Data for this exercise

- - - -

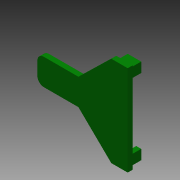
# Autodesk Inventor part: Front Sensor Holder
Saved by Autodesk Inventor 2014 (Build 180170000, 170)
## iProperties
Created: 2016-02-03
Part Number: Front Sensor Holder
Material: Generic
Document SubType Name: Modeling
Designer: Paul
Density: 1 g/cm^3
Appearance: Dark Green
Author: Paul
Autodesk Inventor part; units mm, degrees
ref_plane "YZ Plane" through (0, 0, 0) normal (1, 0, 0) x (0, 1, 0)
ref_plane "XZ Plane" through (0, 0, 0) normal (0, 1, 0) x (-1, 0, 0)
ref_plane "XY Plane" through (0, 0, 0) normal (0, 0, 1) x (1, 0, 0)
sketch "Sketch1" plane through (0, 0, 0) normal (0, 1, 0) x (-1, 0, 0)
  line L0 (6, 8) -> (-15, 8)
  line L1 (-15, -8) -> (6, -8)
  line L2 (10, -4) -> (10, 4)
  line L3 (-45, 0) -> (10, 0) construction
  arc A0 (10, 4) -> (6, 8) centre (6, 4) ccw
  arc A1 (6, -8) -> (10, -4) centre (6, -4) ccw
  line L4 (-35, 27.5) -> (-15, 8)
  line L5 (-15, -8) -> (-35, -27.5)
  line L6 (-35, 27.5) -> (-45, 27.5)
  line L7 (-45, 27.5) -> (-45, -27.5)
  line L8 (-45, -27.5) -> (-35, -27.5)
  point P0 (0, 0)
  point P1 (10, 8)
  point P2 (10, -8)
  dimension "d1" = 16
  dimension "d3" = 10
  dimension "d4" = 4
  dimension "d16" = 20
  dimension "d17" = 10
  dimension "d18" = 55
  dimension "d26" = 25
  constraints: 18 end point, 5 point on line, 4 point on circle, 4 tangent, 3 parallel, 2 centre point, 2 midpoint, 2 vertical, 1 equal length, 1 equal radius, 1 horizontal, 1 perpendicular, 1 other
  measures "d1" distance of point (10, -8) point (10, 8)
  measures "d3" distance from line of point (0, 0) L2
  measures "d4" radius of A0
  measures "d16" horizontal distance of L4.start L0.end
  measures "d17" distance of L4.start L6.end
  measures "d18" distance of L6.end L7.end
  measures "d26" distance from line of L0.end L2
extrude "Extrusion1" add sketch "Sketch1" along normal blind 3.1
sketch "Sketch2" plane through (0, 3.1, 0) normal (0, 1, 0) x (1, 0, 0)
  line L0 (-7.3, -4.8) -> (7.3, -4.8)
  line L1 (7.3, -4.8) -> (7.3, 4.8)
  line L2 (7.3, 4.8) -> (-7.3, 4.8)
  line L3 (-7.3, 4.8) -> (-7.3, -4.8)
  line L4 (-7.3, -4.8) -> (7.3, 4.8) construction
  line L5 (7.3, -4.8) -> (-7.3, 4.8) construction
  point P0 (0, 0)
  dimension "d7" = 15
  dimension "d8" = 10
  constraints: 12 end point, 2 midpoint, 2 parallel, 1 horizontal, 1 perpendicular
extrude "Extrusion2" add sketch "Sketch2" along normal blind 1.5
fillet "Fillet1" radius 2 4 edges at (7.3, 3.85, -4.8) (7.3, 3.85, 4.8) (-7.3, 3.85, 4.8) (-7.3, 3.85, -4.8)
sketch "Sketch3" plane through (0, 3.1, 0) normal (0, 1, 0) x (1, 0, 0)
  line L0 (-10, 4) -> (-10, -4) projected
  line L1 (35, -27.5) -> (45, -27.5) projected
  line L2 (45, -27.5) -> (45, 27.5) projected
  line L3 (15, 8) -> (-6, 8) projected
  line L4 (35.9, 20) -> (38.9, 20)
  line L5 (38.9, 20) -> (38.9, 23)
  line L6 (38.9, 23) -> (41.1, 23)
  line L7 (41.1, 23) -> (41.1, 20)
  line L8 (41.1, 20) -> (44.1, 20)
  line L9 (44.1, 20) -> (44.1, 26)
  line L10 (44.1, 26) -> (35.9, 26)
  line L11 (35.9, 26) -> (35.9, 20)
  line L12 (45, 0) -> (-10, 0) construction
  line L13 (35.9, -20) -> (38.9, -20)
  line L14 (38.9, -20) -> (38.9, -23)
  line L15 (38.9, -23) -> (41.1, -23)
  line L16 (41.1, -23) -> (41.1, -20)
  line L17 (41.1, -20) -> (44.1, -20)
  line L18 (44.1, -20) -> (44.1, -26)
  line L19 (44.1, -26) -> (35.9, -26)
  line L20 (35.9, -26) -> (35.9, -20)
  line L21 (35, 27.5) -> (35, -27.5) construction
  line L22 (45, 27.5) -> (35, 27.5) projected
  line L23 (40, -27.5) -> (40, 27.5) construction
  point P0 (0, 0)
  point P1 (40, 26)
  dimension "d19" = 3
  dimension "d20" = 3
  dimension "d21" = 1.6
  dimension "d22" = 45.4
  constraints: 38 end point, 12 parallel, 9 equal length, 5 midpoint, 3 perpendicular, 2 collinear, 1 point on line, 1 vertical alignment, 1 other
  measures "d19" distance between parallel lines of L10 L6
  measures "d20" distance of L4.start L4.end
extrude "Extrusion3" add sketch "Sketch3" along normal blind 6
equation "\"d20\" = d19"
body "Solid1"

- - - -

Work required
Out of the preceding entries, pull every line containing the string "distance".

Exercise result
  measures "d1" distance of point (10, -8) point (10, 8)
  measures "d3" distance from line of point (0, 0) L2
  measures "d16" horizontal distance of L4.start L0.end
  measures "d17" distance of L4.start L6.end
  measures "d18" distance of L6.end L7.end
  measures "d26" distance from line of L0.end L2
  measures "d19" distance between parallel lines of L10 L6
  measures "d20" distance of L4.start L4.end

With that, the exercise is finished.